Add a per-service breakdown in the same query:
jq 'group_by(.level) | map({
level: .[0].level,
count: length,
services: map(.service) | unique
})' logs.json
Referência Rápida
The patterns above in table form for when you need a quick reminder:
| What you want | jq expression |
|---|---|
| All values of a field | map(.field) |
| Filter matching items | map(select(.field == "val")) |
| Reshape each object | map({newKey: .oldKey}) |
| Rename all keys | to_entries | map(.key = ...) | from_entries |
| Remove fields | map(del(.field1, .field2)) |
| Sort ascending | sort_by(.field) |
| Sort descending | sort_by(-.field) |
| Count by group | group_by(.field) | map({key: .[0].field, count: length}) |
| Get all keys of an object | keys |
| Count items in array | length |
| Unique values of a field | map(.field) | unique |
Before You Start: Tame the Blob
API responses often come back minified or deeply nested.

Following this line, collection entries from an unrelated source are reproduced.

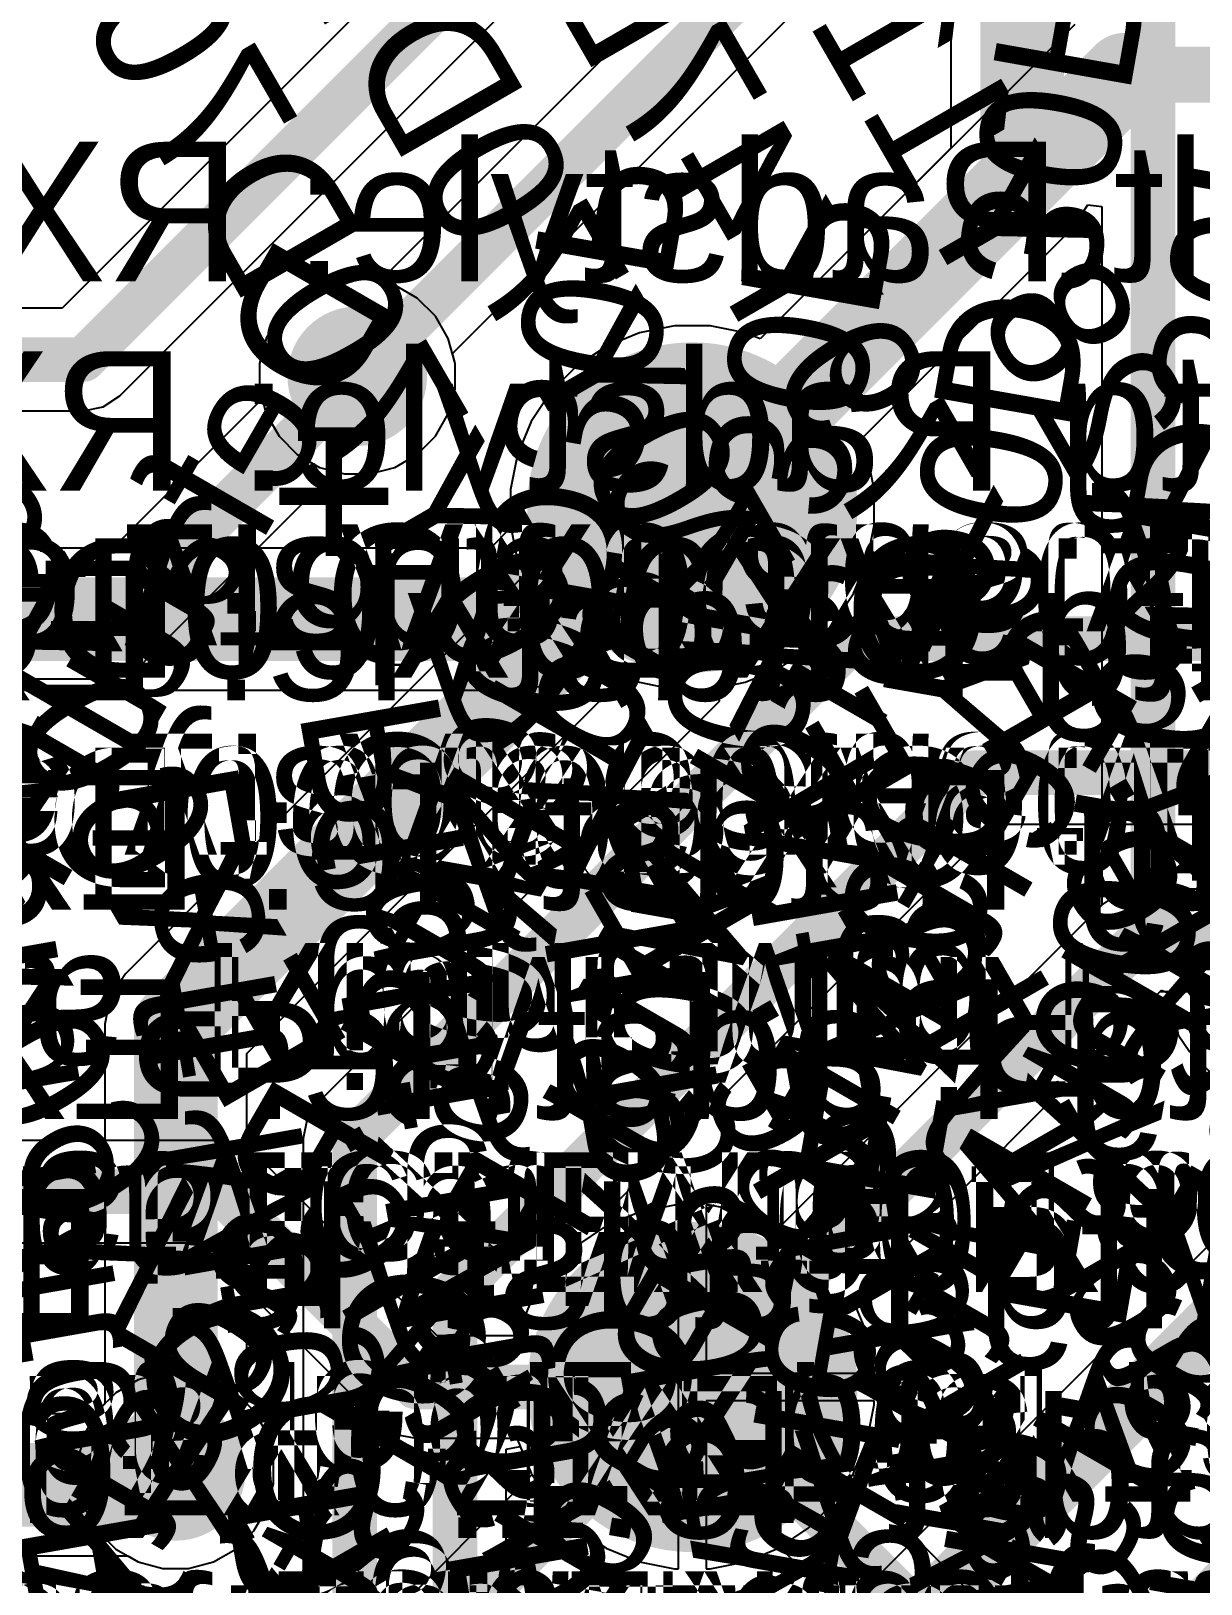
# Model space of a CAD drawing. Header units: millimetres. Extents: x 44.3 to 117.6, y 98.8 to 161.5.
# Drawn here: x 74.5 to 85.14, y 126.73 to 140.86 of the extents above; entities that cross this region are included whole.
import ezdxf

# ---------------------------------------------------------------- set-up
doc = ezdxf.new("R2010")
doc.units = ezdxf.units.MM
for name, color, linetype in [('BottomLayer', 5, 'Continuous'), ('BottomOverlay', 54, 'Continuous'), ('BottomSolder', 6, 'Continuous'), ('Mechanical7', 56, 'Continuous'), ('MultiLayer', 9, 'Continuous'), ('PadHoleLayer', 156, 'Continuous'), ('TopLayer', 1, 'Continuous'), ('TopSolder', 216, 'Continuous'), ('ViaHoleLayer', 16, 'Continuous')]:
    doc.layers.add(name, color=color, linetype=linetype)

# ---------------------------------------------------------------- blocks, each defined once
blk = doc.blocks.new('P_____W_____1')
at = {"layer": 'BottomLayer'}
h = blk.add_hatch(color=5, dxfattribs=at)
edge = h.paths.add_edge_path()
edge.add_arc((0, 8), 1.4, 0, 360)
h = blk.add_hatch(color=5, dxfattribs=at)
edge = h.paths.add_edge_path()
edge.add_arc((0, 0), 1.4, 0, 360)
at = {"layer": 'BottomSolder'}
h = blk.add_hatch(color=6, dxfattribs=at)
edge = h.paths.add_edge_path()
edge.add_arc((0, 8), 1.502, 0, 360)
h = blk.add_hatch(color=6, dxfattribs=at)
edge = h.paths.add_edge_path()
edge.add_arc((0, 0), 1.502, 0, 360)
at = {"layer": 'MultiLayer'}
h = blk.add_hatch(color=9, dxfattribs=at)
edge = h.paths.add_edge_path()
edge.add_arc((0, 8), 1.4, 0, 360)
h = blk.add_hatch(color=9, dxfattribs=at)
edge = h.paths.add_edge_path()
edge.add_arc((0, 0), 1.4, 0, 360)
at = {"layer": 'PadHoleLayer'}
h = blk.add_hatch(color=156, dxfattribs=at)
edge = h.paths.add_edge_path()
edge.add_arc((0, 8), 1.1, 0, 360)
h = blk.add_hatch(color=156, dxfattribs=at)
edge = h.paths.add_edge_path()
edge.add_arc((0, 0), 1.1, 0, 360)
at = {"layer": 'TopLayer'}
h = blk.add_hatch(color=1, dxfattribs=at)
edge = h.paths.add_edge_path()
edge.add_arc((0, 8), 1.4, 0, 360)
h = blk.add_hatch(color=1, dxfattribs=at)
edge = h.paths.add_edge_path()
edge.add_arc((0, 0), 1.4, 0, 360)
at = {"layer": 'TopSolder'}
h = blk.add_hatch(color=216, dxfattribs=at)
edge = h.paths.add_edge_path()
edge.add_arc((0, 8), 1.502, 0, 360)
h = blk.add_hatch(color=216, dxfattribs=at)
edge = h.paths.add_edge_path()
edge.add_arc((0, 0), 1.502, 0, 360)
at = {"layer": 'BottomOverlay', "text_generation_flag": 2}
for s, p in [('+', (-2.667, 7.365)), ('-', (-2.667, -0.89))]:
    blk.add_text(s, height=1.524, rotation=360, dxfattribs=at).set_placement(p)
blk = doc.blocks.new('CONN_S5B_ZR_SM4A_TF_JST_B_5')
at = {"layer": 'Mechanical7', "text_generation_flag": 2}
for s, p in [('Alt Padstyle 1: OX60Y90D30P', (-5.573, 16.993)), ('Right Mtg Padstyle: EX60Y60D30P', (-6.843, 15.088)), ('Left Mtg Padstyle: EX60Y60D30P', (-6.525, 13.183)), ('3rd Mtg Padstyle: EX70Y70D70P', (-6.208, 11.278)), ('2nd Mtg Padstyle: EX70Y70D70P', (-6.208, 9.373)), ('1st Mtg Padstyle: RX79Y47D0T', (-5.89, 7.468)), ('Default Padstyle: RX28Y118D0T', (-6.208, 5.563))]:
    blk.add_text(s, height=1.27, rotation=180, dxfattribs=at).set_placement(p)
blk = doc.blocks.new('CONN_S5B_ZR_SM4A_TF_JST_B_6')
at = {"layer": 'Mechanical7', "text_generation_flag": 2}
for s, p in [('Alt Padstyle 2: OX90Y60D30P', (-5.573, 18.898)), ('Alt Padstyle 1: OX60Y90D30P', (-5.573, 16.993)), ('Right Mtg Padstyle: EX60Y60D30P', (-6.843, 15.088)), ('Left Mtg Padstyle: EX60Y60D30P', (-6.525, 13.183)), ('3rd Mtg Padstyle: EX70Y70D70P', (-6.208, 11.278)), ('2nd Mtg Padstyle: EX70Y70D70P', (-6.208, 9.373))]:
    blk.add_text(s, height=1.27, rotation=180, dxfattribs=at).set_placement(p)
blk = doc.blocks.new('CONN_S5B_ZR_SM4A_TF_JST_B_7')
at = {"layer": 'Mechanical7', "text_generation_flag": 2}
for s, p in [('Alt Padstyle 1: OX60Y90D30P', (-5.573, 16.993)), ('Right Mtg Padstyle: EX60Y60D30P', (-6.843, 15.088)), ('3rd Mtg Padstyle: EX70Y70D70P', (-6.207, 11.278)), ('2nd Mtg Padstyle: EX70Y70D70P', (-6.207, 9.373)), ('1st Mtg Padstyle: RX79Y47D0T', (-5.89, 7.468)), ('Default Padstyle: RX28Y118D0T', (-6.207, 5.563))]:
    blk.add_text(s, height=1.27, rotation=180, dxfattribs=at).set_placement(p)
blk = doc.blocks.new('CONN_S5B_ZR_SM4A_TF_JST_B_8')
at = {"layer": 'Mechanical7', "text_generation_flag": 2}
for s, p in [('Alt Padstyle 2: OX90Y60D30P', (-5.573, 18.898)), ('Alt Padstyle 1: OX60Y90D30P', (-5.573, 16.993)), ('Left Mtg Padstyle: EX60Y60D30P', (-6.525, 13.183)), ('3rd Mtg Padstyle: EX70Y70D70P', (-6.208, 11.278)), ('2nd Mtg Padstyle: EX70Y70D70P', (-6.208, 9.373))]:
    blk.add_text(s, height=1.27, rotation=180, dxfattribs=at).set_placement(p)
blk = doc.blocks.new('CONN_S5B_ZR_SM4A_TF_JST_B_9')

If you’re not sure of the path you need, paste the JSON into the Formatador JSON — it pretty-prints with collapsible nodes so you can spot the path before writing the jq expression. After running a transformation, the Comparação JSON tool is useful for verifying the before/after diff when you’re reshaping or stripping fields and want to confirm nothing unexpected changed.
These seven patterns cover the bulk of JSON wrangling you’ll do at the command line. The real power is chaining them — once you can filter, reshape, and sort, you can process most API responses without touching a script file.